In my history of art class we were studying Hokusai’s ‘The Great Wave off Kanagawa’. It is an extremely well-known piece and it is relatively common knowledge that it utilises the golden ratio (roughly 1: (1+√5)/2). The golden ratio is everywhere in art because our brains find it aesthetically pleasing, and because, once aware of it, artists find it easy to spot and recreate. Perhaps more interesting is the uncanny resemblance of the forms in ‘The Great Wave…’ to the Mandelbrot set. The sea foam furls outwards in groups of what look like claws, and this bulbous mass is mirrored by the clouds in the background. It could be coincidence that the continuous curls and forms of the Mandelbrot set are also found in Hokusai’s work, but when you see the repeating similarities it seems unlikely. The Mandelbrot set is a fractal, something that repeats itself over and over at a smaller scale each time, and is used to model waves (specifically the break/lip of a wave) in science. Hokusai was somehow aware of the mathematical structure of a wave, and from this was able to recreate it and design a hugely successful print.
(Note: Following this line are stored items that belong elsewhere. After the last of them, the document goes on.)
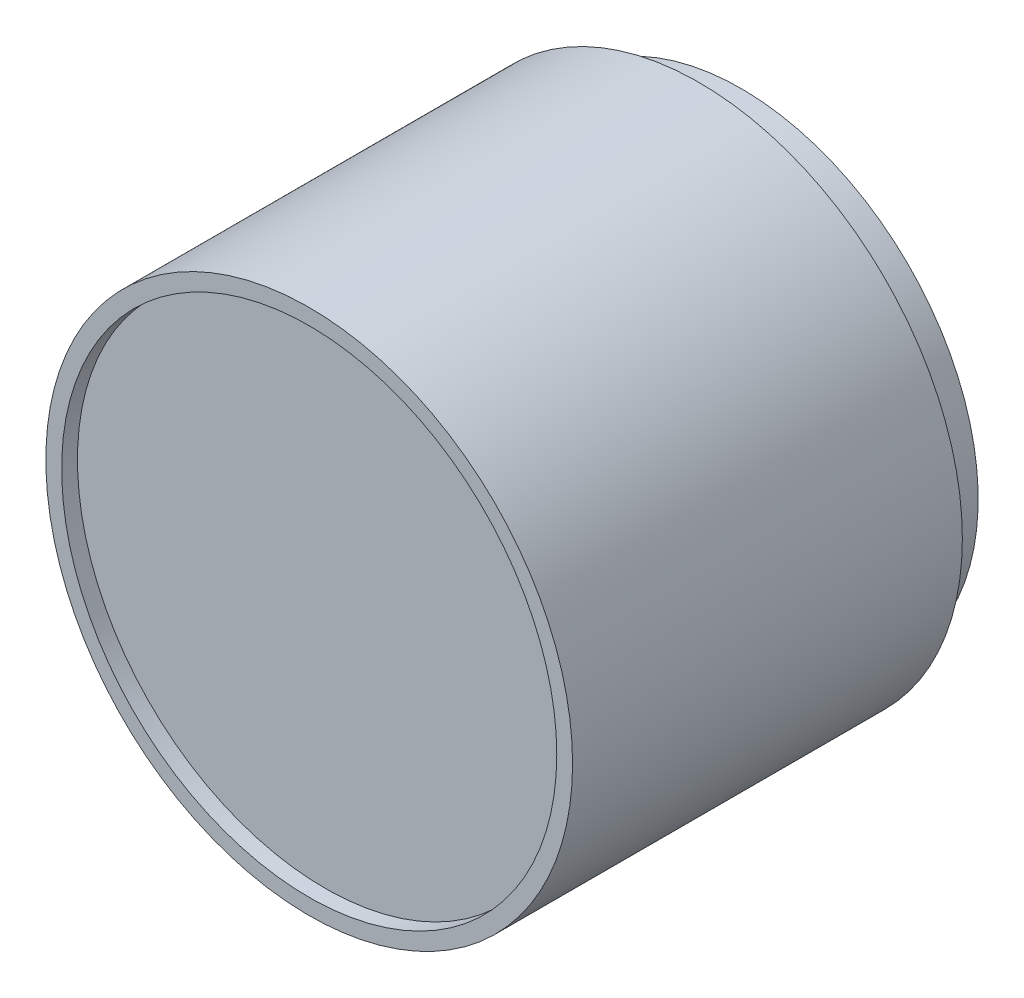
ISO-10303-21;
HEADER;
FILE_DESCRIPTION(('STEP AP214'),'2;1');
FILE_NAME('part.step','',(''),(''),'','','');
FILE_SCHEMA(('AUTOMOTIVE_DESIGN { 1 0 10303 214 1 1 1 1 }'));
ENDSEC;
DATA;
#1=APPLICATION_CONTEXT('core data for automotive mechanical design processes');
#2=APPLICATION_PROTOCOL_DEFINITION('international standard','automotive_design',2000,#1);
#3=PRODUCT_CONTEXT('',#1,'mechanical');
#4=PRODUCT('Part','Part','',(#3));
#5=PRODUCT_RELATED_PRODUCT_CATEGORY('part','',(#4));
#6=PRODUCT_DEFINITION_FORMATION('','',#4);
#7=PRODUCT_DEFINITION_CONTEXT('part definition',#1,'design');
#8=PRODUCT_DEFINITION('design','',#6,#7);
#9=PRODUCT_DEFINITION_SHAPE('','',#8);
#10=(LENGTH_UNIT() NAMED_UNIT(*) SI_UNIT(.MILLI.,.METRE.));
#11=(NAMED_UNIT(*) PLANE_ANGLE_UNIT() SI_UNIT($,.RADIAN.));
#12=(NAMED_UNIT(*) SI_UNIT($,.STERADIAN.) SOLID_ANGLE_UNIT());
#13=UNCERTAINTY_MEASURE_WITH_UNIT(LENGTH_MEASURE(1.E-05),#10,'distance_accuracy_value','');
#14=(GEOMETRIC_REPRESENTATION_CONTEXT(3) GLOBAL_UNCERTAINTY_ASSIGNED_CONTEXT((#13)) GLOBAL_UNIT_ASSIGNED_CONTEXT((#10,
#11,#12)) REPRESENTATION_CONTEXT('',''));
#15=CARTESIAN_POINT('',(0.,0.,0.));
#16=DIRECTION('',(0.,0.,1.));
#17=DIRECTION('',(1.,0.,0.));
#18=AXIS2_PLACEMENT_3D('',#15,#16,#17);
#19=CARTESIAN_POINT('',(0.,0.,8.4));
#20=DIRECTION('',(0.,0.,-1.));
#21=DIRECTION('',(-1.,0.,0.));
#22=AXIS2_PLACEMENT_3D('',#19,#20,#21);
#23=PLANE('',#22);
#24=CARTESIAN_POINT('',(0.,0.,8.4));
#25=DIRECTION('',(0.,0.,-1.));
#26=DIRECTION('',(-1.,0.,0.));
#27=AXIS2_PLACEMENT_3D('',#24,#25,#26);
#28=CIRCLE('',#27,45.);
#29=CARTESIAN_POINT('',(-45.,0.,8.4));
#30=VERTEX_POINT('',#29);
#31=EDGE_CURVE('E21',#30,#30,#28,.T.);
#32=ORIENTED_EDGE('',*,*,#31,.F.);
#33=EDGE_LOOP('',(#32));
#34=FACE_BOUND('',#33,.T.);
#35=CARTESIAN_POINT('',(0.,0.,8.4));
#36=DIRECTION('',(0.,0.,1.));
#37=DIRECTION('',(1.,0.,0.));
#38=AXIS2_PLACEMENT_3D('',#35,#36,#37);
#39=CIRCLE('',#38,50.);
#40=CARTESIAN_POINT('',(50.,0.,8.4));
#41=VERTEX_POINT('',#40);
#42=EDGE_CURVE('E10',#41,#41,#39,.T.);
#43=ORIENTED_EDGE('',*,*,#42,.F.);
#44=EDGE_LOOP('',(#43));
#45=FACE_BOUND('',#44,.T.);
#46=ADVANCED_FACE('F14',(#34,#45),#23,.T.);
#47=CARTESIAN_POINT('',(0.,0.,-17.36136204513));
#48=DIRECTION('',(0.,0.,1.));
#49=DIRECTION('',(1.,0.,0.));
#50=AXIS2_PLACEMENT_3D('',#47,#48,#49);
#51=CYLINDRICAL_SURFACE('',#50,50.);
#52=ORIENTED_EDGE('',*,*,#42,.T.);
#53=EDGE_LOOP('',(#52));
#54=FACE_BOUND('',#53,.T.);
#55=CARTESIAN_POINT('',(0.,0.,82.4));
#56=DIRECTION('',(0.,0.,1.));
#57=DIRECTION('',(1.,0.,0.));
#58=AXIS2_PLACEMENT_3D('',#55,#56,#57);
#59=CIRCLE('',#58,50.);
#60=CARTESIAN_POINT('',(50.,0.,82.4));
#61=VERTEX_POINT('',#60);
#62=EDGE_CURVE('E29',#61,#61,#59,.F.);
#63=ORIENTED_EDGE('',*,*,#62,.T.);
#64=EDGE_LOOP('',(#63));
#65=FACE_BOUND('',#64,.T.);
#66=ADVANCED_FACE('F59',(#54,#65),#51,.T.);
#67=CARTESIAN_POINT('',(0.,0.,92.1));
#68=DIRECTION('',(0.,0.,-1.));
#69=DIRECTION('',(-1.,0.,0.));
#70=AXIS2_PLACEMENT_3D('',#67,#68,#69);
#71=CYLINDRICAL_SURFACE('',#70,45.);
#72=ORIENTED_EDGE('',*,*,#31,.T.);
#73=EDGE_LOOP('',(#72));
#74=FACE_BOUND('',#73,.T.);
#75=CARTESIAN_POINT('',(0.,0.,0.4));
#76=DIRECTION('',(0.,0.,-1.));
#77=DIRECTION('',(-1.,0.,0.));
#78=AXIS2_PLACEMENT_3D('',#75,#76,#77);
#79=CIRCLE('',#78,45.);
#80=CARTESIAN_POINT('',(-45.,0.,0.4));
#81=VERTEX_POINT('',#80);
#82=EDGE_CURVE('E34',#81,#81,#79,.F.);
#83=ORIENTED_EDGE('',*,*,#82,.T.);
#84=EDGE_LOOP('',(#83));
#85=FACE_BOUND('',#84,.T.);
#86=ADVANCED_FACE('F56',(#74,#85),#71,.T.);
#87=CARTESIAN_POINT('',(0.,0.,82.4));
#88=DIRECTION('',(0.,0.,-1.));
#89=DIRECTION('',(-1.,0.,0.));
#90=AXIS2_PLACEMENT_3D('',#87,#88,#89);
#91=PLANE('',#90);
#92=CARTESIAN_POINT('',(0.,0.,82.4));
#93=DIRECTION('',(0.,0.,1.));
#94=DIRECTION('',(1.,0.,0.));
#95=AXIS2_PLACEMENT_3D('',#92,#93,#94);
#96=CIRCLE('',#95,47.);
#97=CARTESIAN_POINT('',(47.,0.,82.4));
#98=VERTEX_POINT('',#97);
#99=EDGE_CURVE('E25',#98,#98,#96,.T.);
#100=ORIENTED_EDGE('',*,*,#99,.F.);
#101=EDGE_LOOP('',(#100));
#102=FACE_BOUND('',#101,.T.);
#103=ORIENTED_EDGE('',*,*,#62,.F.);
#104=EDGE_LOOP('',(#103));
#105=FACE_BOUND('',#104,.T.);
#106=ADVANCED_FACE('F58',(#102,#105),#91,.F.);
#107=CARTESIAN_POINT('',(0.,0.,79.25));
#108=DIRECTION('',(0.,0.,1.));
#109=DIRECTION('',(1.,0.,0.));
#110=AXIS2_PLACEMENT_3D('',#107,#108,#109);
#111=CYLINDRICAL_SURFACE('',#110,47.);
#112=ORIENTED_EDGE('',*,*,#99,.T.);
#113=EDGE_LOOP('',(#112));
#114=FACE_BOUND('',#113,.T.);
#115=CARTESIAN_POINT('',(0.,0.,79.4));
#116=DIRECTION('',(0.,0.,1.));
#117=DIRECTION('',(1.,0.,0.));
#118=AXIS2_PLACEMENT_3D('',#115,#116,#117);
#119=CIRCLE('',#118,47.);
#120=CARTESIAN_POINT('',(47.,0.,79.4));
#121=VERTEX_POINT('',#120);
#122=EDGE_CURVE('E32',#121,#121,#119,.F.);
#123=ORIENTED_EDGE('',*,*,#122,.T.);
#124=EDGE_LOOP('',(#123));
#125=FACE_BOUND('',#124,.T.);
#126=ADVANCED_FACE('F52',(#114,#125),#111,.F.);
#127=CARTESIAN_POINT('',(0.,0.,0.4));
#128=DIRECTION('',(0.,0.,-1.));
#129=DIRECTION('',(-1.,0.,0.));
#130=AXIS2_PLACEMENT_3D('',#127,#128,#129);
#131=PLANE('',#130);
#132=CARTESIAN_POINT('',(0.,0.,0.4));
#133=DIRECTION('',(0.,0.,-1.));
#134=DIRECTION('',(-1.,0.,0.));
#135=AXIS2_PLACEMENT_3D('',#132,#133,#134);
#136=CIRCLE('',#135,36.7619057711847);
#137=CARTESIAN_POINT('',(-36.7619057711847,0.,0.4));
#138=VERTEX_POINT('',#137);
#139=EDGE_CURVE('E41',#138,#138,#136,.T.);
#140=ORIENTED_EDGE('',*,*,#139,.F.);
#141=EDGE_LOOP('',(#140));
#142=FACE_BOUND('',#141,.T.);
#143=ORIENTED_EDGE('',*,*,#82,.F.);
#144=EDGE_LOOP('',(#143));
#145=FACE_BOUND('',#144,.T.);
#146=ADVANCED_FACE('F49',(#142,#145),#131,.T.);
#147=CARTESIAN_POINT('',(0.,0.,0.882550251648887));
#148=DIRECTION('',(0.,0.,-1.));
#149=DIRECTION('',(-1.,0.,0.));
#150=AXIS2_PLACEMENT_3D('',#147,#148,#149);
#151=CONICAL_SURFACE('',#150,36.7450547450786,0.0349065850398802);
#152=CARTESIAN_POINT('',(0.,0.,7.9));
#153=DIRECTION('',(0.,0.,1.));
#154=DIRECTION('',(1.,0.,0.));
#155=AXIS2_PLACEMENT_3D('',#152,#153,#154);
#156=CIRCLE('',#155,36.4999999999966);
#157=CARTESIAN_POINT('',(36.4999999999966,0.,7.9));
#158=VERTEX_POINT('',#157);
#159=EDGE_CURVE('E38',#158,#158,#156,.F.);
#160=ORIENTED_EDGE('',*,*,#159,.F.);
#161=EDGE_LOOP('',(#160));
#162=FACE_BOUND('',#161,.T.);
#163=ORIENTED_EDGE('',*,*,#139,.T.);
#164=EDGE_LOOP('',(#163));
#165=FACE_BOUND('',#164,.T.);
#166=ADVANCED_FACE('F47',(#162,#165),#151,.F.);
#167=CARTESIAN_POINT('',(0.,0.,7.9));
#168=DIRECTION('',(0.,0.,-1.));
#169=DIRECTION('',(-1.,0.,0.));
#170=AXIS2_PLACEMENT_3D('',#167,#168,#169);
#171=PLANE('',#170);
#172=ORIENTED_EDGE('',*,*,#159,.T.);
#173=EDGE_LOOP('',(#172));
#174=FACE_BOUND('',#173,.T.);
#175=ADVANCED_FACE('F16',(#174),#171,.T.);
#176=CARTESIAN_POINT('',(0.,0.,79.4));
#177=DIRECTION('',(0.,0.,1.));
#178=DIRECTION('',(1.,0.,0.));
#179=AXIS2_PLACEMENT_3D('',#176,#177,#178);
#180=PLANE('',#179);
#181=ORIENTED_EDGE('',*,*,#122,.F.);
#182=EDGE_LOOP('',(#181));
#183=FACE_BOUND('',#182,.T.);
#184=ADVANCED_FACE('F70',(#183),#180,.T.);
#185=CLOSED_SHELL('',(#46,#66,#86,#106,#126,#146,#166,#175,#184));
#186=MANIFOLD_SOLID_BREP('B1',#185);
#187=ADVANCED_BREP_SHAPE_REPRESENTATION('',(#18,#186),#14);
#188=SHAPE_DEFINITION_REPRESENTATION(#9,#187);
ENDSEC;
END-ISO-10303-21;

Fractals also appear in other, very different, works of art. Jackson Pollock is famous for his abstract ‘poured paintings’, where paint is splashed, burst, dripped, and dribbled onto the canvas. The pieces are active and absorbing, and so far have stood the test of time (the first ‘drip painting’ was made in 1947, and is still well known and talked about). Although there are no natural curves, nor recognisable forms, there is an organic, animate nature to these pieces. Like all good modern art it provokes an emotional response in us, we just cannot explain why. Except perhaps maths can. Pollock’s work functions as a fractal (i.e. it repeats itself in ever decreasing proportions). We don’t just find fractals in waves, we find them everywhere in nature, from the spread of electricity to the clustering of a Romanesco broccoli. And this structure cannot have been chosen consciously by Pollock. The term fractal was only coined in 1975, his first painting of this sort was made in 1947, 22 years before. Intuitively, in his self-described haze of painting, Pollock was crafting mathematical masterpieces.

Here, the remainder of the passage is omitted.